## [WORK INSTRUCTION]
Search the records below for "Elements" and copy every line it turns up in.

Data items
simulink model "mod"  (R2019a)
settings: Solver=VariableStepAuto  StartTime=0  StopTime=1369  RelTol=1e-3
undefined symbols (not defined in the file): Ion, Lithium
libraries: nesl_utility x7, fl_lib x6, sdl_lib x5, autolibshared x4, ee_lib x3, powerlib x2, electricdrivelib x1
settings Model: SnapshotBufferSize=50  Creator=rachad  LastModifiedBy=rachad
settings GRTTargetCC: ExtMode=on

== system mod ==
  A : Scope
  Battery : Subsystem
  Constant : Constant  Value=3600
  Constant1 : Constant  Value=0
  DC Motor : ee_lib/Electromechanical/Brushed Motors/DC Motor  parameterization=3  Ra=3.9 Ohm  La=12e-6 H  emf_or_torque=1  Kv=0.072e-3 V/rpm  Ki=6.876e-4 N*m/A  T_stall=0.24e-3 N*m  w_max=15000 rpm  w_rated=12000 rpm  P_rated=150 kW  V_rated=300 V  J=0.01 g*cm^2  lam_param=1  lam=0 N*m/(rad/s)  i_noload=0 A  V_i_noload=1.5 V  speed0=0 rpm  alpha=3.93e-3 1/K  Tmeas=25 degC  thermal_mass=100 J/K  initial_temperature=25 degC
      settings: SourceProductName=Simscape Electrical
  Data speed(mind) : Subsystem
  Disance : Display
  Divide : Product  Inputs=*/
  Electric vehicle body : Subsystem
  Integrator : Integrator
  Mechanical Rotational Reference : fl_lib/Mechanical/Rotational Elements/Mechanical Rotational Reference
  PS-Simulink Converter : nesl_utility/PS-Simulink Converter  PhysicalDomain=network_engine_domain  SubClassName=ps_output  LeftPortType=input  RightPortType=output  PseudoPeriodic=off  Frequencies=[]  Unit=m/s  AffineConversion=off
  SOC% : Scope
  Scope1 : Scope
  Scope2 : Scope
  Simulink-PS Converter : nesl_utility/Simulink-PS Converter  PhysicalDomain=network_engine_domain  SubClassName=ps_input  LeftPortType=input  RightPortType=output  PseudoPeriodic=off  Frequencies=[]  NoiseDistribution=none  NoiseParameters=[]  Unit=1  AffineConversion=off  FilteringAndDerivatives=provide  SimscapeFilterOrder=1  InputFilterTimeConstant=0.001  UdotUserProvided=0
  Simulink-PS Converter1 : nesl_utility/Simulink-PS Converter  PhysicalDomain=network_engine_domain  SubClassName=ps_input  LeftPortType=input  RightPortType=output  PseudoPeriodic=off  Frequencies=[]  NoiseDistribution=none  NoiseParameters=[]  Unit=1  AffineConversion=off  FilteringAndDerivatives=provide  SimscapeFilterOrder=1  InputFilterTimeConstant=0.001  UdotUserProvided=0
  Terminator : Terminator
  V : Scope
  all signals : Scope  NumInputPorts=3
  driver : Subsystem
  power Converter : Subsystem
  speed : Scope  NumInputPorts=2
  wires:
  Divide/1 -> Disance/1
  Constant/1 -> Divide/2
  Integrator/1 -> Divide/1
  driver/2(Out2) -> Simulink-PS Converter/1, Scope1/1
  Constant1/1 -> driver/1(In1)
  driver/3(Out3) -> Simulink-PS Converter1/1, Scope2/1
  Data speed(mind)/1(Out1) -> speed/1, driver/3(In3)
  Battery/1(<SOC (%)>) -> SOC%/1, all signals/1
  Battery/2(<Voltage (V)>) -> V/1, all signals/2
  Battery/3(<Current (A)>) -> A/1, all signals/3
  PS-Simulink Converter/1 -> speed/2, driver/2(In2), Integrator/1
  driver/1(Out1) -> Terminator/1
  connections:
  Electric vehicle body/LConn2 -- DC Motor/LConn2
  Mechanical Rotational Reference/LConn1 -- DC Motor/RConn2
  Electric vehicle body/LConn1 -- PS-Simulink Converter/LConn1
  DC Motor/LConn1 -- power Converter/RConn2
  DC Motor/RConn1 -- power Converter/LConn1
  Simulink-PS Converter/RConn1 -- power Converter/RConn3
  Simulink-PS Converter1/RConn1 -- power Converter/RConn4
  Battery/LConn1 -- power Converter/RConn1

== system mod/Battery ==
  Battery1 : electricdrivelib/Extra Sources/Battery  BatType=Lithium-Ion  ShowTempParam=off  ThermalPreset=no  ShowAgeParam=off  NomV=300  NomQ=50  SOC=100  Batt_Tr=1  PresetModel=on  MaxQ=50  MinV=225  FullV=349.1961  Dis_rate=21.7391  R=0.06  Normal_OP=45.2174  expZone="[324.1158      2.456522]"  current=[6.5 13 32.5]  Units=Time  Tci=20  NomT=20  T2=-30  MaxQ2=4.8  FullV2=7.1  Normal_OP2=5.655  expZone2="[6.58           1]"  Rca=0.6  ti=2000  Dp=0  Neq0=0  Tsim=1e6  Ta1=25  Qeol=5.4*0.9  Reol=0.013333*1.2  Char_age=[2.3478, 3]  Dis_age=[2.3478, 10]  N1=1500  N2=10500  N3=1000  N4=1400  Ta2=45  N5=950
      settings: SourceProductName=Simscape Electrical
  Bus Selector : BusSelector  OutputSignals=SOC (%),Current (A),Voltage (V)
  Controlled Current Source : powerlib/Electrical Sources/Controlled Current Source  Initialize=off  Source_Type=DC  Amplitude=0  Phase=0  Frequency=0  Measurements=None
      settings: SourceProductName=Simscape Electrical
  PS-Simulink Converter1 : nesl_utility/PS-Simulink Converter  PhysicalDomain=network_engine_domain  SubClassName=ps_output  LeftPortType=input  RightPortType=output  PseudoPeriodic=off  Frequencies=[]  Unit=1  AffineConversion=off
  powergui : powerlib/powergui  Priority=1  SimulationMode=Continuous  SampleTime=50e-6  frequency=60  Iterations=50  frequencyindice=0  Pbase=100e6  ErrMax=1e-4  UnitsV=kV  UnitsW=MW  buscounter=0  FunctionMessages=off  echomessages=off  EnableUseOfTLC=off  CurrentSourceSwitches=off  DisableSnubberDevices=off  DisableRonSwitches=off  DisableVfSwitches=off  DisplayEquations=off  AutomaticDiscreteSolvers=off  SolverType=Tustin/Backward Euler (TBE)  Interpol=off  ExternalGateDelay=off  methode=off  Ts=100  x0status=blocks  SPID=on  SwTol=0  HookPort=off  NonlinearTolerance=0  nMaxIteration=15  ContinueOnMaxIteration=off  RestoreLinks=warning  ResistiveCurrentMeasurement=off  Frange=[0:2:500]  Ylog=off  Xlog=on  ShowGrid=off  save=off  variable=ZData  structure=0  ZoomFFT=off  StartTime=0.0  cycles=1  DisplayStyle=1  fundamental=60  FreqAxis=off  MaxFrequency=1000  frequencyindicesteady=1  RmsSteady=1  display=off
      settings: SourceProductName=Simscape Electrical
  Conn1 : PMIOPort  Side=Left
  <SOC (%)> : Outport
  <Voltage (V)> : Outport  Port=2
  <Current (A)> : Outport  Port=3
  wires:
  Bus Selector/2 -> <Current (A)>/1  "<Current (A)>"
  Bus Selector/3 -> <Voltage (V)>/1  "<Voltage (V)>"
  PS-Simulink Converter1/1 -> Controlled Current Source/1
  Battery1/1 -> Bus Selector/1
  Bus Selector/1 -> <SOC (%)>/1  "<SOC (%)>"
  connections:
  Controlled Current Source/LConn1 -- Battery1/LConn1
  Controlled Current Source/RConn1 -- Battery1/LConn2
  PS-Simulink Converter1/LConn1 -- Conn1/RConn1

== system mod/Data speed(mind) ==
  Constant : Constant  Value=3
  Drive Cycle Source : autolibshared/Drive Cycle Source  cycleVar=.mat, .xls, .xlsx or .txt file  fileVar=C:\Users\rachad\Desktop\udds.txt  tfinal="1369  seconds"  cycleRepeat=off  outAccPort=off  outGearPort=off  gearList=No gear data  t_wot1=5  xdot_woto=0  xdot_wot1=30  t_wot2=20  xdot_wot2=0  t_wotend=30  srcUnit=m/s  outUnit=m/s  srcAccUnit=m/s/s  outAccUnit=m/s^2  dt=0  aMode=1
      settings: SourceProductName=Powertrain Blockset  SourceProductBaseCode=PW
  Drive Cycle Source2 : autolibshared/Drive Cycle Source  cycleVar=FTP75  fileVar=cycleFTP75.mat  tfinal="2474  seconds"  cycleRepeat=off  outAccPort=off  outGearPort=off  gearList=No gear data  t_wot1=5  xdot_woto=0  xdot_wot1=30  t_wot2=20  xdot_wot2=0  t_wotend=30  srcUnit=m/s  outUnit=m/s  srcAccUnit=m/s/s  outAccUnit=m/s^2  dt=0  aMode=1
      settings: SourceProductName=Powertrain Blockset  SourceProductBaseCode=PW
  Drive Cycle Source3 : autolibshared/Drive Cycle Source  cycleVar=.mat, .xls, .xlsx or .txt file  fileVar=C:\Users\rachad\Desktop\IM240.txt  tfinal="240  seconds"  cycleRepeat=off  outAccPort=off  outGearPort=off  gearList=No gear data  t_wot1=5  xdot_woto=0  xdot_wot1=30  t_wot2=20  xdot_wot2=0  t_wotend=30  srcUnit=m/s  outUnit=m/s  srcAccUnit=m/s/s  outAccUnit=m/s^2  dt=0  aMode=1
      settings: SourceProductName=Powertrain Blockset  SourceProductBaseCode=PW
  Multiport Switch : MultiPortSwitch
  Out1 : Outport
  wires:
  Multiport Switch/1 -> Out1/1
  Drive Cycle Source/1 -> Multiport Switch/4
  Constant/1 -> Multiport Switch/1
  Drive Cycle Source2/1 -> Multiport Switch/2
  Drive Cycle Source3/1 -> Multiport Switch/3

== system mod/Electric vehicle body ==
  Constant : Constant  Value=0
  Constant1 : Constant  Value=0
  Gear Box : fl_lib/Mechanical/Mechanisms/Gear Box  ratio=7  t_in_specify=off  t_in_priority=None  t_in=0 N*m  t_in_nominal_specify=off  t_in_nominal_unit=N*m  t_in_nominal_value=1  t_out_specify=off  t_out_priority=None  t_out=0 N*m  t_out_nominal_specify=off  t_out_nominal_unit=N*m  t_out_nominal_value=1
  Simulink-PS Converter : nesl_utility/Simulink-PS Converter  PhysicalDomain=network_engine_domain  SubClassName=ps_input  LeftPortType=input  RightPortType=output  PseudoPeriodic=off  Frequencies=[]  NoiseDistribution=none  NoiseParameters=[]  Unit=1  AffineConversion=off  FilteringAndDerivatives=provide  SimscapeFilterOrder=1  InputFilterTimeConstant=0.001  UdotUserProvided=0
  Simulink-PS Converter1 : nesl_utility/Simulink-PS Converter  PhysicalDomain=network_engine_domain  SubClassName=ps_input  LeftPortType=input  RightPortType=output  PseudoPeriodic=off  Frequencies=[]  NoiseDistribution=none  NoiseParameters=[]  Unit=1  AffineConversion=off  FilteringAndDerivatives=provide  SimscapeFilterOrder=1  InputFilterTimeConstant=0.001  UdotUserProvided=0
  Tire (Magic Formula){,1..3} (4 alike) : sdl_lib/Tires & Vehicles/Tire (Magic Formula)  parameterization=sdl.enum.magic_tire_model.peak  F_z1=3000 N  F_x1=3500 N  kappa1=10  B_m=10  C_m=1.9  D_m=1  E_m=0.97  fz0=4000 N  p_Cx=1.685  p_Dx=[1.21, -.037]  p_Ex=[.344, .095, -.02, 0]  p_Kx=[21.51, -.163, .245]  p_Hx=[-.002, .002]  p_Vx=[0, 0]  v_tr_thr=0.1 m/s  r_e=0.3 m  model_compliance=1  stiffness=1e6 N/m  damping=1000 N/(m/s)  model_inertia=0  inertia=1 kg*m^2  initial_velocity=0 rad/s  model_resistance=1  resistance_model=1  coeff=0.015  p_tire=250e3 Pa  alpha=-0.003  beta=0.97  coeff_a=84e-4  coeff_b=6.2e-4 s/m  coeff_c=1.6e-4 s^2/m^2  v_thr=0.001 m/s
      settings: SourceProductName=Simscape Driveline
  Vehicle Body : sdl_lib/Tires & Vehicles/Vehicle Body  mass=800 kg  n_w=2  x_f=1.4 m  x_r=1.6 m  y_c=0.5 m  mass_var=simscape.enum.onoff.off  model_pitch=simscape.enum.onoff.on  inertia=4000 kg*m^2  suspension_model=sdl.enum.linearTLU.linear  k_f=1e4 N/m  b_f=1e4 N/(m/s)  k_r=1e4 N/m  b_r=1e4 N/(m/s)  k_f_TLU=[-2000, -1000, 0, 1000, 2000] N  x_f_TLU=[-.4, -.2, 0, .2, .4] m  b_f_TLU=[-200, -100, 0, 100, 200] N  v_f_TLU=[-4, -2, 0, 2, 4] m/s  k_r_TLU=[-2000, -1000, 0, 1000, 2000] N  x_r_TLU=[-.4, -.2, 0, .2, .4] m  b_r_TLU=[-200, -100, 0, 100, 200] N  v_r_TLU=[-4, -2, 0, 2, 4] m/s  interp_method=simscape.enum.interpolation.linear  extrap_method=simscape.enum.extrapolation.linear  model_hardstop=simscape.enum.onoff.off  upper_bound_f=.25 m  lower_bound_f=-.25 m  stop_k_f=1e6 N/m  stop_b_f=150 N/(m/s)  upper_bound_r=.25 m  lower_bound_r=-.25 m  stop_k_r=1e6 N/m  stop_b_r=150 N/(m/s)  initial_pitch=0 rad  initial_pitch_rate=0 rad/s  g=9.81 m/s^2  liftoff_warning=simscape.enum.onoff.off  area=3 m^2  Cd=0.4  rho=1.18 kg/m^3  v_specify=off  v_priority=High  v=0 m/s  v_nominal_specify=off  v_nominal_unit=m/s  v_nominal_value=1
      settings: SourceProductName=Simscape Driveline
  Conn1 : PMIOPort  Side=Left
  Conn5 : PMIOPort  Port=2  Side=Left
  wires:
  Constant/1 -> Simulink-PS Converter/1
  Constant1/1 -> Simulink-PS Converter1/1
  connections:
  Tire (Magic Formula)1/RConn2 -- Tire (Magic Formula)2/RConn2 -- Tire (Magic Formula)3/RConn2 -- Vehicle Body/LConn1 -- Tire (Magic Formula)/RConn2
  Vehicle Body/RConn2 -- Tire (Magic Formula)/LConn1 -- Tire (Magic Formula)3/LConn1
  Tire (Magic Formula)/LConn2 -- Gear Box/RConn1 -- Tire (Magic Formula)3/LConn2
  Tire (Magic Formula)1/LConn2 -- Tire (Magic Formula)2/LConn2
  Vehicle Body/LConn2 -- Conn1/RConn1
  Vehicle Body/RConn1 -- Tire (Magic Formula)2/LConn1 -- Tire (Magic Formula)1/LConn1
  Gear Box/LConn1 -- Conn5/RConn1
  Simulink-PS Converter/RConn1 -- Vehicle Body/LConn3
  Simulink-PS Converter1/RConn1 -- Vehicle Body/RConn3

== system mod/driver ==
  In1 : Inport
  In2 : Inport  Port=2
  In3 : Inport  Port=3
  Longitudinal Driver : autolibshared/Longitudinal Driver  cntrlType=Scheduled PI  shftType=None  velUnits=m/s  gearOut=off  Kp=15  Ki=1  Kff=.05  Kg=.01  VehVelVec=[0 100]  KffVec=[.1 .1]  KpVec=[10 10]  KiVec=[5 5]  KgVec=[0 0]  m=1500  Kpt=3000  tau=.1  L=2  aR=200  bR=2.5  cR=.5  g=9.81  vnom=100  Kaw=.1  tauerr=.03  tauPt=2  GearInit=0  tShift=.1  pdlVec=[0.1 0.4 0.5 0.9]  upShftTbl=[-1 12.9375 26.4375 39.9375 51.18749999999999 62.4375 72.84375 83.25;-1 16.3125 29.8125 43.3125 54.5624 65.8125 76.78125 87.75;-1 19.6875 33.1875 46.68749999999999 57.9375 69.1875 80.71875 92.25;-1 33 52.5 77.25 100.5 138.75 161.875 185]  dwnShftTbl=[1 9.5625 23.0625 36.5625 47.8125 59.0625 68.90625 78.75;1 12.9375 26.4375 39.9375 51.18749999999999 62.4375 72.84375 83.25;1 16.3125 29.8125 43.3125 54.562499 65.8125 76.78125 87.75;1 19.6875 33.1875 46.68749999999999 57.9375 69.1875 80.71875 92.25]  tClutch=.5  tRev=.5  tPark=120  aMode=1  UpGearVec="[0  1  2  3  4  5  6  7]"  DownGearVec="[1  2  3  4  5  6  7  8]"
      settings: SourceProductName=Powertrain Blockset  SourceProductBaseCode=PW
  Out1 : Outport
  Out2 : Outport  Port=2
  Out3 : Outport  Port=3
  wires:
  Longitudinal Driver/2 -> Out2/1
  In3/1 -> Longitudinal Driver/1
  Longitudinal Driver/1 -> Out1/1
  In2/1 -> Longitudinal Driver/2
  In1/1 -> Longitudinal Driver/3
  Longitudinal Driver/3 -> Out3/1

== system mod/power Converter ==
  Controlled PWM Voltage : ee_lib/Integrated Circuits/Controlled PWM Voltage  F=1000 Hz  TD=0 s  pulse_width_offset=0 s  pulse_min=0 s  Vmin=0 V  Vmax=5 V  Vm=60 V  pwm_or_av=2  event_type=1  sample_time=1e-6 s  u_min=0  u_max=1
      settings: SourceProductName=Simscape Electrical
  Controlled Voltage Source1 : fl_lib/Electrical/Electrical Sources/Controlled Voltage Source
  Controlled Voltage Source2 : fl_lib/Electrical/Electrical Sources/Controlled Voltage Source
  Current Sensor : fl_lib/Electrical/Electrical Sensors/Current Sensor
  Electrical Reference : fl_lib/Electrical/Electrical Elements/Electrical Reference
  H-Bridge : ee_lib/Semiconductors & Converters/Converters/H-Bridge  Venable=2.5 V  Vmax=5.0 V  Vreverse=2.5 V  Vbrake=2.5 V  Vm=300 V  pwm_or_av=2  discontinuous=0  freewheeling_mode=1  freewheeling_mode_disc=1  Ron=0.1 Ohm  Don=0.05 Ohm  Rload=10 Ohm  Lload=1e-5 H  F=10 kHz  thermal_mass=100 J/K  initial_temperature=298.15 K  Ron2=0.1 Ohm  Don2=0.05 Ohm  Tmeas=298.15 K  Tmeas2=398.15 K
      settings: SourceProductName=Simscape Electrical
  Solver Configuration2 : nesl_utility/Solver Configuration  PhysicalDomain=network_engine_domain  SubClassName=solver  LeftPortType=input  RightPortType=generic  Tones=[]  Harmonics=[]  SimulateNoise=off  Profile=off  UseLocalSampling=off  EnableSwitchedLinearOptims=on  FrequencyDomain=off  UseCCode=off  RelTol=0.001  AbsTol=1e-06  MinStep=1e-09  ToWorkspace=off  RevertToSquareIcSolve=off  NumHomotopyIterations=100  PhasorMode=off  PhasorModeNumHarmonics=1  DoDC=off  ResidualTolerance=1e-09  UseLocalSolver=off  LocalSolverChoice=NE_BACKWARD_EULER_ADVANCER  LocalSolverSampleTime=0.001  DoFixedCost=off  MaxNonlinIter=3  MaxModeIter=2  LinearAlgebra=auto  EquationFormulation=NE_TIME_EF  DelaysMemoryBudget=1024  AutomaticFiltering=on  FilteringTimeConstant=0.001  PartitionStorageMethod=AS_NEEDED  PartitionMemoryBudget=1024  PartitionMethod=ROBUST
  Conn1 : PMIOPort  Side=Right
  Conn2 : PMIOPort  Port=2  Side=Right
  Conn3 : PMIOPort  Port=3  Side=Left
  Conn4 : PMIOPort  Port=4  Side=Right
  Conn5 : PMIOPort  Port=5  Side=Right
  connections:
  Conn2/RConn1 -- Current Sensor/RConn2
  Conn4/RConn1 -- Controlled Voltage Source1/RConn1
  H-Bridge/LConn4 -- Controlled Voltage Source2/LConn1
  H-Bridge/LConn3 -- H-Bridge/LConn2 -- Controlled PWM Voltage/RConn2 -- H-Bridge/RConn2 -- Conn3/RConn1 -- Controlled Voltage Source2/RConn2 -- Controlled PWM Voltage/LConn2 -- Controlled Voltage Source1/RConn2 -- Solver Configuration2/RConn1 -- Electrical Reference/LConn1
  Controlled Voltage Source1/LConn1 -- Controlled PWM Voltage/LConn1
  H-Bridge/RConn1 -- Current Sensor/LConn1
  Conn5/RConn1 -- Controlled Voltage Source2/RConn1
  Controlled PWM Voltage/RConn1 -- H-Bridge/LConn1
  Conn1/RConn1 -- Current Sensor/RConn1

## [THE ANSWER]
  Mechanical Rotational Reference : fl_lib/Mechanical/Rotational Elements/Mechanical Rotational Reference
  Electrical Reference : fl_lib/Electrical/Electrical Elements/Electrical Reference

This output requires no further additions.